Economics - General

The paradox of better screening

Does better screening lead to improvements in health outcomes?  Conventional wisdom holds that this is always true.  For instance, catching breast cancer at an early stage greatly improves survival probabilities.  However, early screening can lead to a statistical anomaly where better screening appears to improve mortality rates even when treatments are entirely ineffective.

Here is an example using the dreaded disease economicitis.  Let us divide people into 3 groups.

  • Healthy: You live forever.
  • 1st stage economicitis is asymptomatic. Life expectancy when 1st stage economicitis begins is 10 years.  One half of economicisits cases are 1st stage.
  • 2nd stage economicitis appears when individuals mysteriously grow a third or possibly fourth hand.  Life expectancy with second stage economicitis is 2 years.  One half of economicitis cases are 2nd stage.

Before any screening was developed, individuals would learn they had  economicitis  when they started growing extra hands.  Thus, documented life expectancy for those with  economicitis was 2 years, since all individuals who were recorded as having  economicitis were in the 2nd stage.

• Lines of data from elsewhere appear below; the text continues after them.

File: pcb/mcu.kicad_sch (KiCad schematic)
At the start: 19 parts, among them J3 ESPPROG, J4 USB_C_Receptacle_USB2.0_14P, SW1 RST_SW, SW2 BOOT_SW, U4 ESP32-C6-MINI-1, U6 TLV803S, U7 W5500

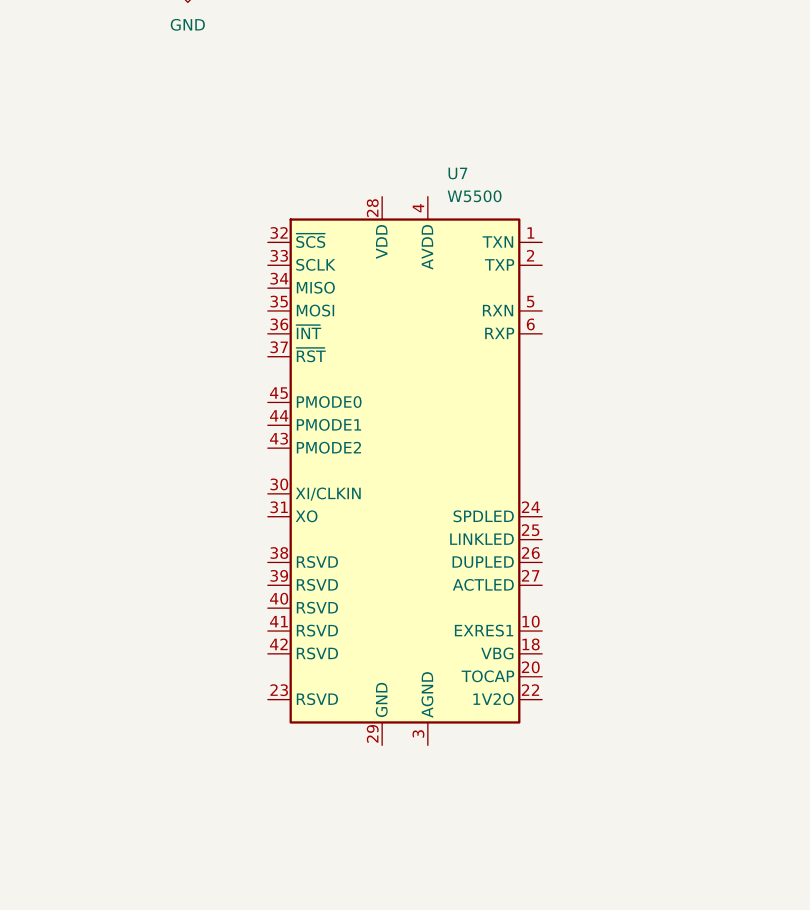
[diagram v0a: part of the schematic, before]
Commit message: feat: add W5500 ethernet controller
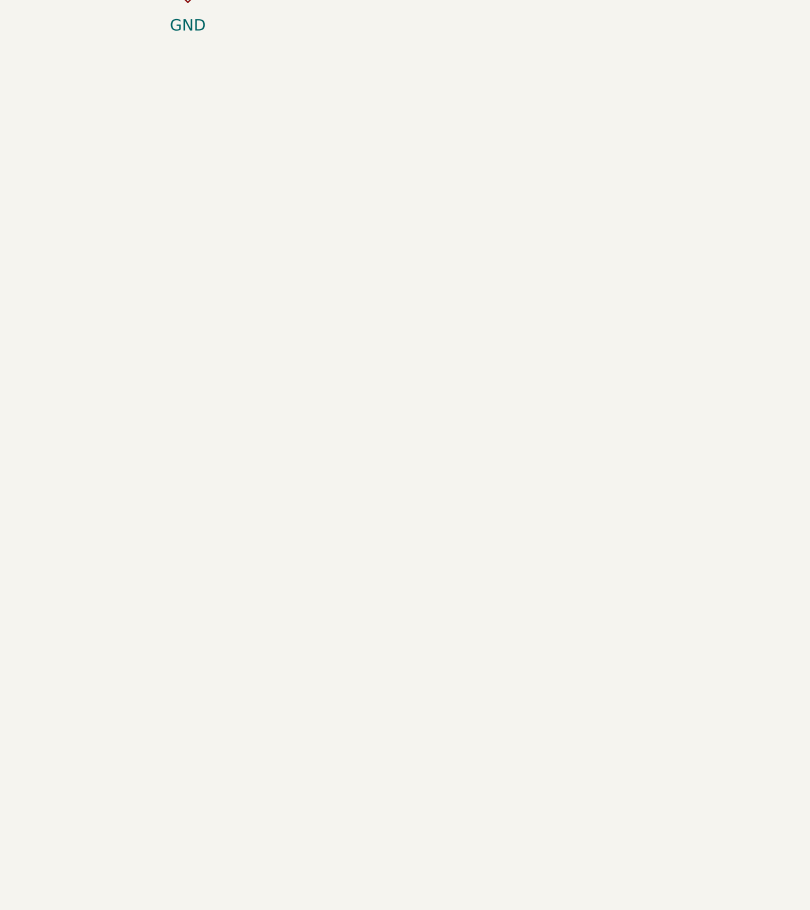
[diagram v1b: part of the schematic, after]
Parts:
- removed U7: W5500, Package_QFP:LQFP-48_7x7mm_P0.5mm, symbol Interface_Ethernet:W5500
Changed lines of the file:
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@@
-	)
-	(symbol
-		(lib_id "Interface_Ethernet:W5500")
-		(at 120.65 106.68 0)
-		(unit 1)
-		(body_style 1)
-		(exclude_from_sim no)
-		(in_bom yes)
-		(on_board yes)
-		(in_pos_files yes)
-		(dnp no)
-		(fields_autoplaced yes)
-		(property "Reference" "U7"
-			(at 125.3333 73.66 0)
-			(show_name no)
-			(do_not_autoplace no)
-			(effects
-				(font
-					(size 1.27 1.27)
-				)
-				(justify left)
-			)
-		)
-		(property "Value" "W5500"
-			(at 125.3333 76.2 0)
-			(show_name no)
-			(do_not_autoplace no)
-			(effects
-				(font
-					(size 1.27 1.27)
-				)
-				(justify left)
-			)
-		)
-		(property "Footprint" "Package_QFP:LQFP-48_7x7mm_P0.5mm"
-			(at 120.65 64.77 0)
-			(hide yes)
-			(show_name no)
-			(do_not_autoplace no)
-			(effects
-				(font
-					(size 1.27 1.27)
-				)
-			)
-		)
-		(property "Datasheet" "http://wizwiki.net/wiki/lib/exe/fetch.php/products:w5500:w5500_ds_v109e.pdf"
-			(at 120.65 81.28 0)
-			(hide yes)
-			(show_name no)
-			(do_not_autoplace no)
-			(effects
-				(font
-					(size 1.27 1.27)
-				)
-			)
-		)
-		(property "Description" "10/100Mb SPI Ethernet controller with TCP/IP stack, LQFP-48"
-			(at 120.65 106.68 0)
-			(hide yes)
-			(show_name no)
-			(do_not_autoplace no)
-			(effects
-				(font
-					(size 1.27 1.27)
-				)
-			)
-		)
-		(pin "2"
-		)
-		(pin "9"
-		)
-		(pin "38"
-		)
-		(pin "5"
-		)
-		(pin "23"
-		)
-		(pin "10"
-		)
-		(pin "26"
-		)
-		(pin "24"
-		)
-		(pin "7"
-		)
-		(pin "40"
-		)
-		(pin "8"
-		)
-		(pin "29"
-		)
-		(pin "16"
-		)
-		(pin "13"
-		)
-		(pin "25"
-		)
-		(pin "12"
-		)
-		(pin "33"
-		)
-		(pin "18"
-		)
-		(pin "14"
-		)
-		(pin "22"
-		)
-		(pin "35"
-		)
-		(pin "32"
-		)
-		(pin "46"
-		)
-		(pin "19"
-		)
-		(pin "20"
-		)
-		(pin "3"
-		)
-		(pin "30"
-		)
-		(pin "28"
-		)
-		(pin "37"
-		)
-		(pin "11"
-		)
-		(pin "17"
-		)
-		(pin "42"
-		)
-		(pin "39"
-		)
-		(pin "6"
-		)
-		(pin "43"
-		)
-		(pin "31"
-		)
-		(pin "44"
-		)
-		(pin "27"
-		)
-		(pin "15"
-		)
-		(pin "34"
-		)
-		(pin "48"
-		)
-		(pin "47"
-		)
-		(pin "1"
-		)
-		(pin "41"
-		)
-		(pin "45"
-		)
-		(pin "21"
-		)
-		(pin "36"
-		)
-		(pin "4"
-		)
-		(instances
-			(project "EveningStar"
-				(path "/4c61f5a2-f8d4-462a-9bc3-d74437d30372/83e90eda-4c3c-4f86-9f5b-c472ac53896a"
-					(reference "U7")
-					(unit 1)
-				)
-			)
-		)
 	)
 	(symbol

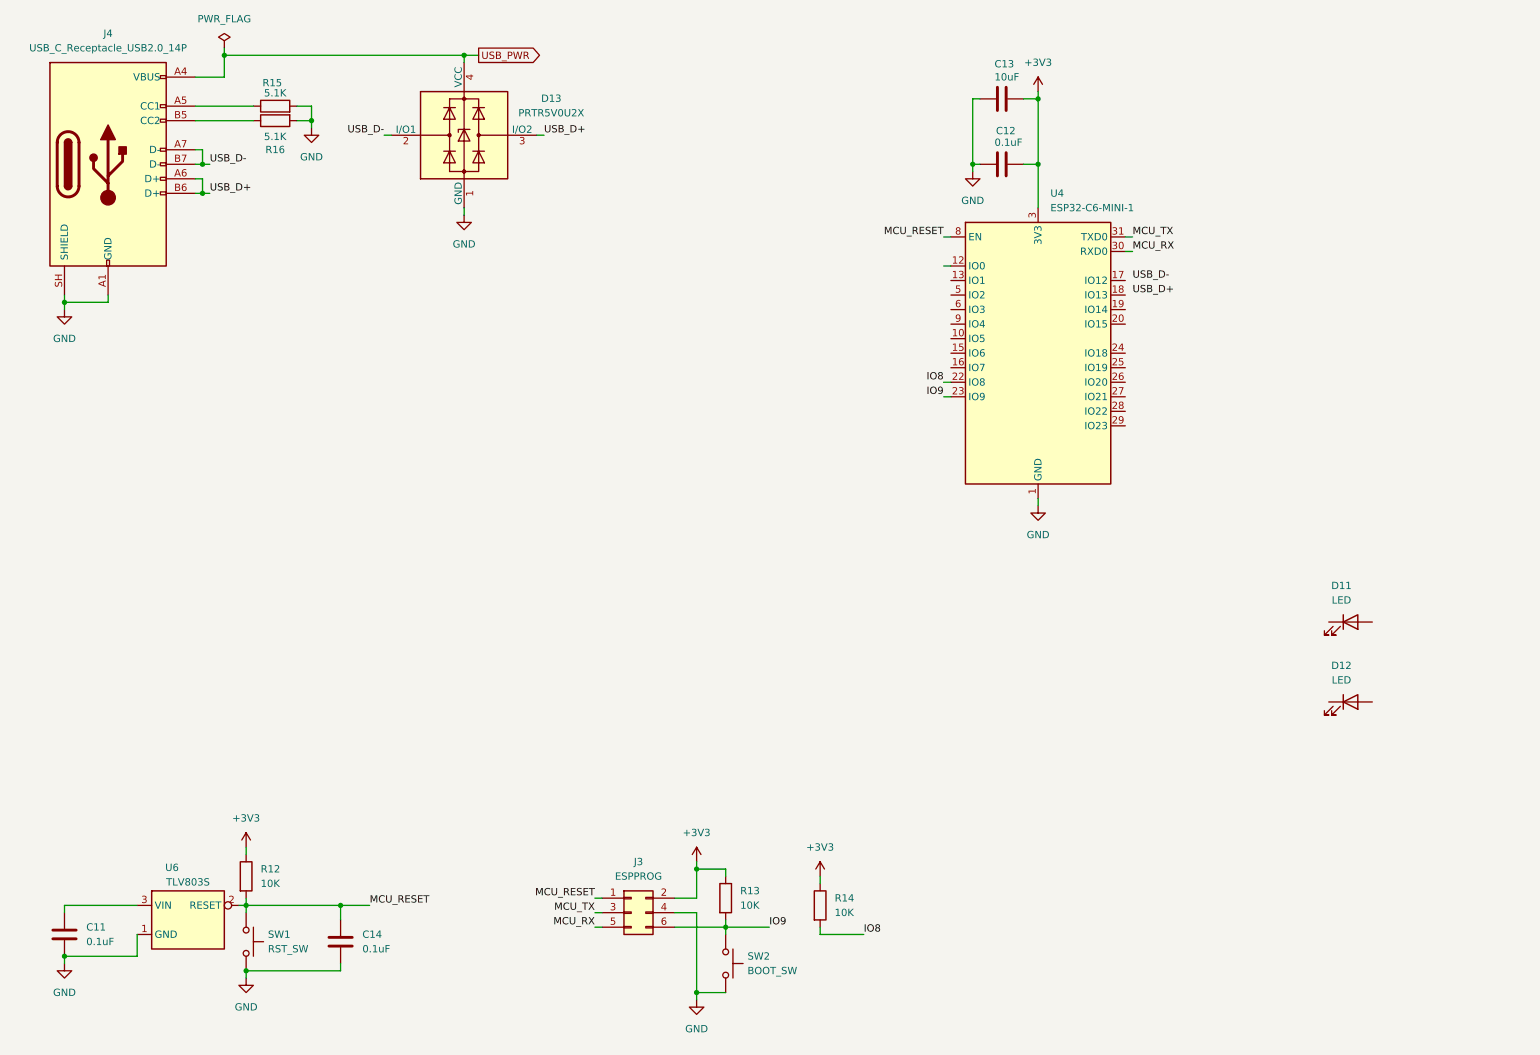
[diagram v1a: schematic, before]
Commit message: feat: connect ethernet to mcu and sort erc errors
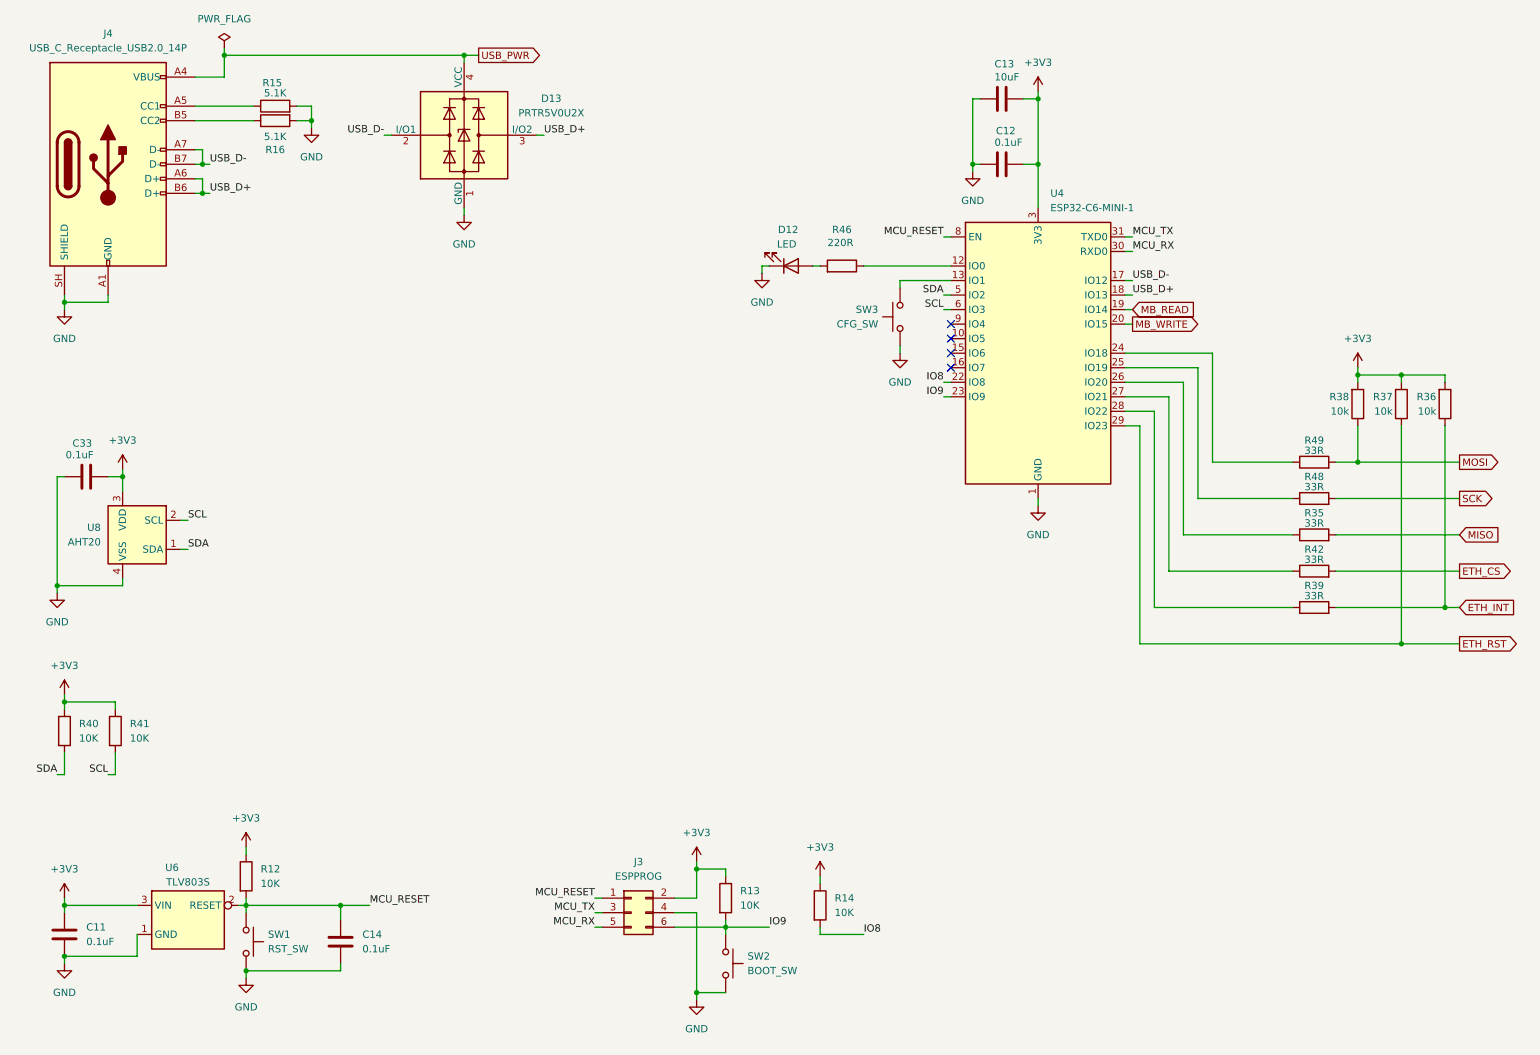
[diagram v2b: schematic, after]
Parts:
- removed D11: LED, symbol Device:LED
- added C33: 0.1uF, symbol Device:C
- added R35, R39, R42, R48, R49: 33R, symbol Device:R
- added R36, R37, R38: 10k, symbol Device:R
- added R40, R41: 10K, symbol Device:R
- added R46: 220R, symbol Device:R
- added SW3: CFG_SW, symbol Switch:SW_Push
- added U8: AHT20, symbol custom_symbols:AHT20
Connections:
- net +3V3: now also C11.1, U6.3 (VIN), C33.2, R36.2, R37.2, R38.2, R40.1, R41.1, U8.3 (VDD)
- net GND: now also D12.1 (K), C33.1, SW3.2, U8.4 (VSS)
- net USB_D+: now also U4.18 (IO13)
- net USB_D-: now also U4.17 (IO12)
- net at U4.12 (IO0): now also R46.1
- net at U4.13 (IO1): now also SW3.1
- net MB_READ: now reaches U4.19 (IO14)
- net MB_WRITE: now reaches U4.20 (IO15)
- net at U4.24 (IO18): now also R49.1
- net at U4.25 (IO19): now also R48.1
- net at U4.26 (IO20): now also R35.1
- net at U4.27 (IO21): now also R42.1
- net at U4.28 (IO22): now also R39.1
- net ETH_RST: now reaches U4.29 (IO23)
- net ETH_RST: now also R37.1
- net SDA: now reaches U4.5 (IO2)
- net SDA: now also R40.2, U8.1 (SDA)
- net SCL: now reaches U4.6 (IO3)
- net SCL: now also R41.2, U8.2 (SCL)
- net at D12.2 (A): now also R46.2
- new net ETH_CS: R42.2
- new net ETH_INT: R36.1, R39.2
- new net MISO: R35.2
- new net MOSI: R38.1, R49.2
- new net SCK: R48.2
- no-connect marks 0 -> 4

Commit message: feat: update compoents with lcsc parts
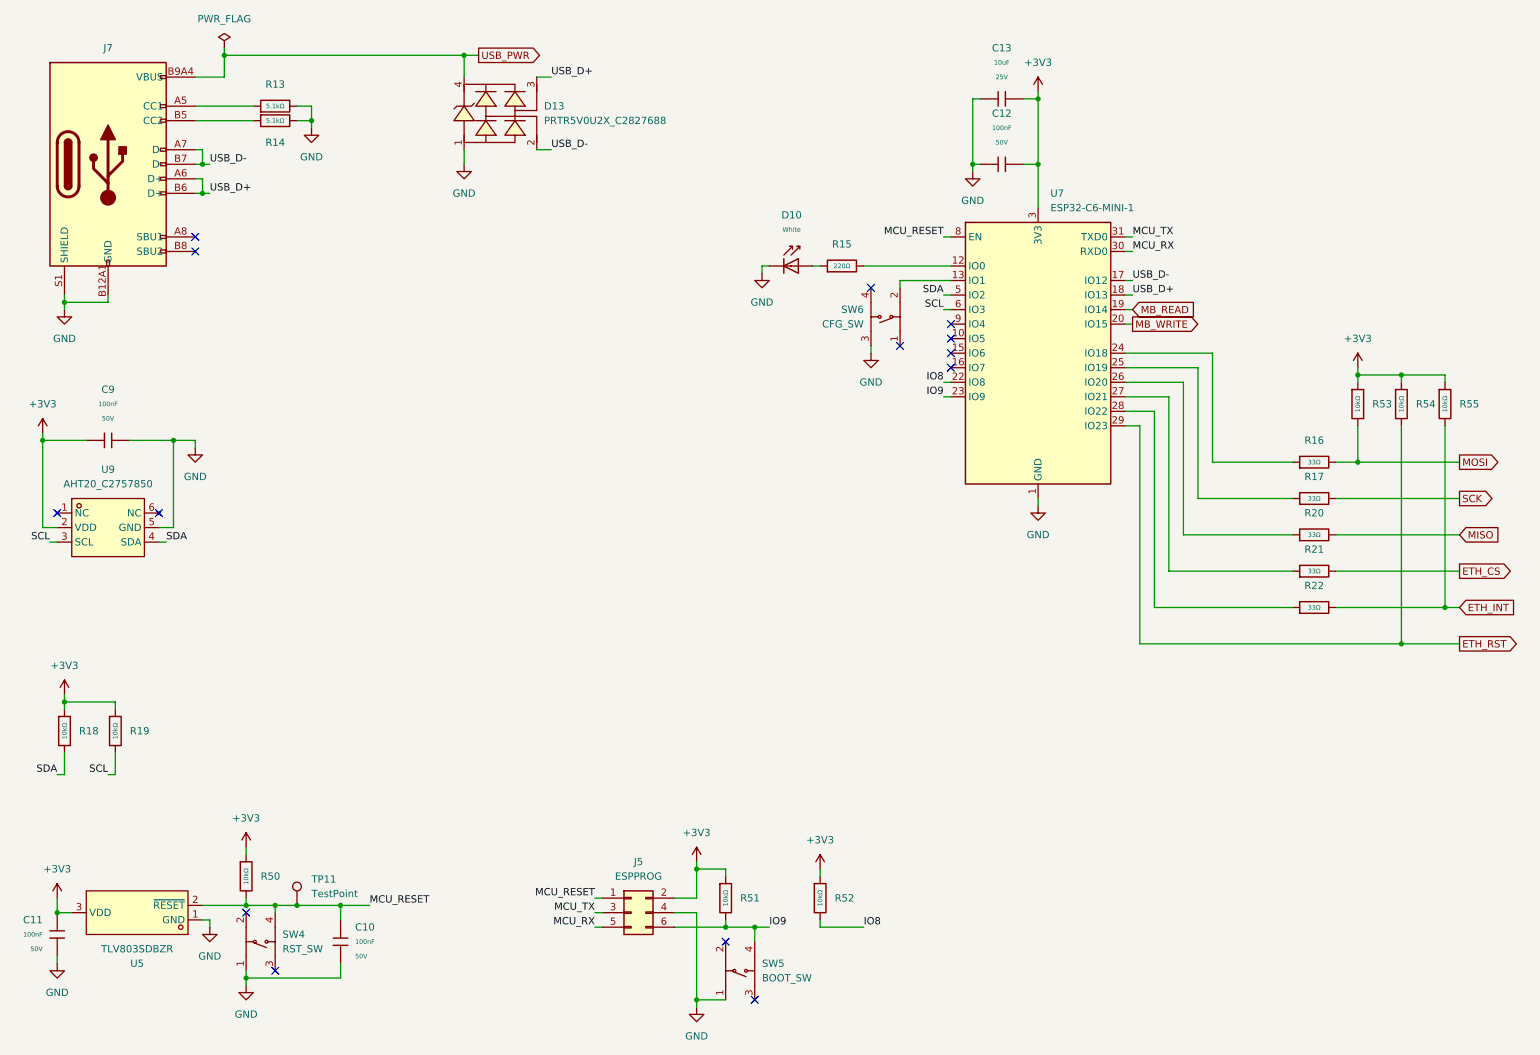
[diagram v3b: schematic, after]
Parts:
- removed C11, C12, C14, C33: 0.1uF, symbol Device:C
- removed C13: 10uF, symbol Device:C
- removed D12: LED, symbol Device:LED
- removed D13: PRTR5V0U2X, Package_TO_SOT_SMD:SOT-143, symbol Power_Protection:PRTR5V0U2X
- removed J4: USB_C_Receptacle_USB2.0_14P, symbol Connector:USB_C_Receptacle_USB2.0_14P
- removed R12, R13, R14, R40, R41: 10K, symbol Device:R
- removed R15, R16: 5.1K, symbol Device:R
- removed R35, R39, R42, R48, R49: 33R, symbol Device:R
- removed R36, R37, R38: 10k, symbol Device:R
- removed R46: 220R, symbol Device:R
- removed SW1: RST_SW, symbol Switch:SW_Push
- removed SW2: BOOT_SW, symbol Switch:SW_Push
- removed SW3: CFG_SW, symbol Switch:SW_Push
- removed U6: TLV803S, Package_TO_SOT_SMD:SOT-23, symbol custom_symbols:TLV803S
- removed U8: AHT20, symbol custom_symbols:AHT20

Let us assume that a screening technique is now available.  If the screening device is able to detect 100% of stage 1 and stage 2 economicitis cases, then we will see that life expectancy will increased to 6 years (10/2+2/2=6). Statisticians looking at the data may claim the following: “The economicitis screening test has increased life expectancy after diagnosis from 2 to 6 years!”

This claim, however, is false since there is no effective treatment for  economicitis.  The increase in average life expectancy is not due to any improvement in health care, but only because the relatively healthier individuals with 1st stage economicitis are now being detected by the test.

4 Comments

  1. Your post completely misses the point. “Statisticians may claim…”, right and I can say “The sky is falling”, but would it ever be published in a peer reviewed journal?

    The real paradox of better screening is the challenge posed by type I vs type II errors. What is the cost of false positives (telling someone they have a disease when they really don’t), and false negatives (letting someone think they’re don’t have the condition when they do).

    Why not write something meaningful on a real screening test of questionable value like PSA? Like this http://www.jamesgagne.com/PSAParadox.shtml

  2. I don’t understand. Does stage 1 not lead to stage 2? Then if stage 1 is longer, and there’s no cure, how is it possible that half the cases are stage 1 and half stage 2? Should these be “type1” and “type2” instead?